Fundamentally, what does Russia lose from its military actions? Or from Finland joining NATO?
Access to the US dominated financial system is the single biggest loss. But Russia doesn't need imports so that is a relatively limited import.
Russian men of military age is the next biggest loss. But Russia's demographic situation was such that its already going to basically have to turn its breeding age female population into brood mares and it will probably take advantage of IFV to do some hardcore eugenics programs to weed out as many of the health problems as possible so that generation of males dying is less demographically significant than it might otherwise be (and as a rule they were low skill and poorly educated as well). Russia is also moving the Ukrainian women and children out of its seized territories and back into Russia; to the point that it has already seized more than twice as many people as it has committed as troops.
Territory loss? Nukes basically preclude that.
Governmental control over Russia? This war, win or lose, has increased that.
Diplomatic damage? The nations that were generally willing to deal with Russia are still doing so.
You forgot the mass of valuable middle class Russians that ran away due to the war and its fallout. That's irreplacable, definitely not with the mostly low class and retiree "gains" in Ukrainian territories.
Ironically, it improves internal political stability, but at the cost of future attempts to stay in technological and economic races - Russia becomes more of a resource based third world economy.
Russia has no magic bullet to fix typical developed economy fertility problems, and with the budget drained by current situation, it certainly won't invent one.
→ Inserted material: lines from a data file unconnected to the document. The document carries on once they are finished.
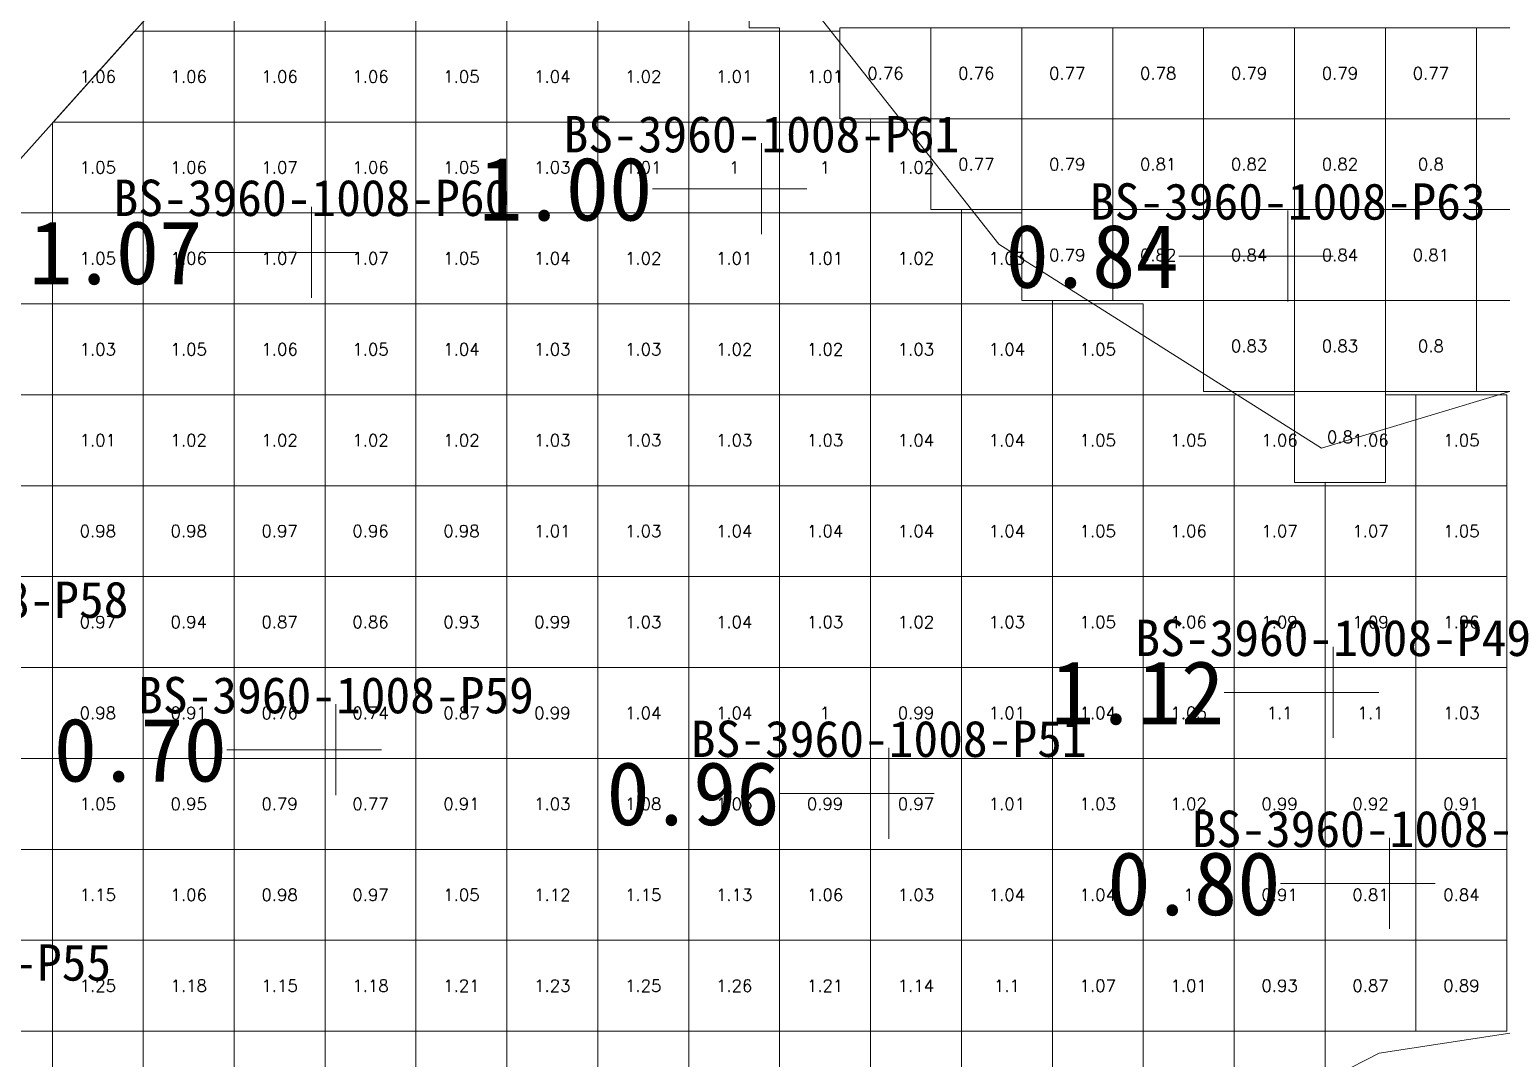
# Model space of a CAD drawing. Header units: inches. Extents: x 469883 to 470005, y 4349687 to 4349765.
# Drawn here: x 469893.7 to 469909.89, y 4349695.11 to 4349706.43 of the extents above; entities that cross this region are included whole.
import ezdxf
from ezdxf.enums import TextEntityAlignment as Align

# ---------------------------------------------------------------- set-up
doc = ezdxf.new("R2010")
doc.units = ezdxf.units.IN
doc.header["$MEASUREMENT"] = 0
for name, color, linetype, lineweight in [('点', 7, 'Continuous', 0), ('爆区方格网', 7, 'Continuous', 0), ('线条', 7, 'Continuous', 0), ('钻孔', 7, 'Continuous', 0)]:
    doc.layers.add(name, color=color, linetype=linetype, lineweight=lineweight)
doc.styles.add('3dmine_textStyle_1', font='txt.shx', dxfattribs={"height": 1, "bigfont": 'gbcbig.shx'})
doc.styles.add('3dmine_textStyle_2', font='simsunb.ttf', dxfattribs={"height": 1})

msp = doc.modelspace()

# ---------------------------------------------------------------- hatches: boundary and pattern name
at = {"layer": '钻孔', "linetype": 'Continuous', "lineweight": 0, "true_color": 0x0000ff, "extrusion": (0, 1, 0)}
for points in [[(-469902.75, 3949.95), (-469901.75, 3949.95), (-469901.75, 3961.95), (-469902.75, 3961.95)], [(-469897.8, 3950.06), (-469896.8, 3950.06), (-469896.8, 3962.06), (-469897.8, 3962.06)], [(-469909.04, 3950.12), (-469908.04, 3950.12), (-469908.04, 3962.12), (-469909.04, 3962.12)]]:
    msp.add_hatch(color=5, dxfattribs=at).paths.add_polyline_path(points, flags=0)
at = {"layer": '钻孔', "linetype": 'Continuous', "lineweight": 0, "true_color": 0x00ffff, "extrusion": (0, 1, 0)}
for points in [[(-469908.54, 3949.97), (-469907.54, 3949.97), (-469907.54, 3961.97), (-469908.54, 3961.97)], [(-469898.07, 3950.04), (-469897.07, 3950.04), (-469897.07, 3962.04), (-469898.07, 3962.04)], [(-469904.15, 3950.18), (-469903.15, 3950.18), (-469903.15, 3962.18), (-469904.15, 3962.18)], [(-469909.66, 3950.11), (-469908.66, 3950.11), (-469908.66, 3962.11), (-469909.66, 3962.11)]]:
    msp.add_hatch(color=4, dxfattribs=at).paths.add_polyline_path(points, flags=0)

# ---------------------------------------------------------------- linework, layer by layer
at = {"color": 4, "linetype": 'Continuous', "lineweight": 0, "true_color": 0x00ffff, "elevation": 1981.806}
msp.add_lwpolyline([(469929.472, 4349719.374), (469926.45, 4349717.862), (469923.773, 4349717.783), (469919.611, 4349716.908), (469917.305, 4349717.121), (469913.939, 4349715.079), (469914.787, 4349712.799), (469918.1, 4349712.163), (469920.711, 4349709.845), (469927.434, 4349707.62), (469922.434, 4349703.167), (469921.522, 4349702.355), (469921.306, 4349702.005), (469916.527, 4349702.131), (469911.125, 4349702.795), (469907.91, 4349701.826), (469904.362, 4349704.071), (469902.082, 4349706.967), (469895.348, 4349706.967)], dxfattribs=at)
at = {"color": 5, "linetype": 'Continuous', "lineweight": 0, "true_color": 0x0000ff, "elevation": 1981.806}
for points in [[(469883.874, 4349695.22), (469885.456, 4349696.231), (469888.207, 4349700.025), (469890.358, 4349702.573), (469892.561, 4349703.854), (469892.561, 4349703.854), (469892.561, 4349703.854), (469892.561, 4349703.854), (469895.348, 4349706.967), (469902.082, 4349706.967), (469904.362, 4349704.071), (469907.91, 4349701.826), (469911.125, 4349702.795)], [(469916.862, 4349696.445), (469908.546, 4349695.172), (469903.529, 4349692.607), (469899.888, 4349689.561), (469895.764, 4349689.449), (469887.193, 4349691.24), (469884.714, 4349692.134), (469882.949, 4349694.081), (469883.874, 4349695.22)]]:
    msp.add_lwpolyline(points, dxfattribs=at)
at = {"color": 7, "linetype": 'Continuous', "lineweight": 0, "elevation": 2972.708}
msp.add_lwpolyline([(469899.888, 4349689.561), (469907.862, 4349687.413), (469910.433, 4349689.749), (469914.862, 4349694.281), (469916.862, 4349696.445), (469908.546, 4349695.172), (469903.529, 4349692.607), (469899.888, 4349689.561), (469899.888, 4349689.561)], dxfattribs=at)
at = {"layer": '点', "color": 138, "linetype": 'Continuous', "lineweight": 0, "true_color": 0x004c4c}
for points, elevation in [([(469901.75, 4349704.18), (469901.75, 4349705.18)], 3961.95), ([(469902.25, 4349704.68), (469901.25, 4349704.68)], 3961.95), ([(469896.8, 4349703.48), (469896.8, 4349704.48)], 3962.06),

IVF? The women are a secondary problem, the cost of raising the kids is the big problem, fix that, and for a chunk of money involved that fix you will also get the women to volunteer. Leave it to Russian orphanages? They are going to get drunks and criminals, not officers and scientists, and Russia has more than enough of those already.
As for territory loss - if nukes preclude that, then the more defensible borders are irrelevant as a goal to do it in the first place. If they don't, better borders are absolutely insufficient, especially if this event prompts Europe to not laze away militarily.
Long story short, the long term fallout of this is Russia taking a step towards being a bigger North Korea with oil. It will take some more steps to get there, but we shall see if these are taken.
Nations dealing with Russia? EU ones are out for foreseeable future, that's one thing, while Japan/Taiwan disengage to the degree that Russia values most, aka electronics. All Russia has left is frenemies and opportunists, while the sweet&safe deals with Europe are over, probably for good unless a major regime change happens.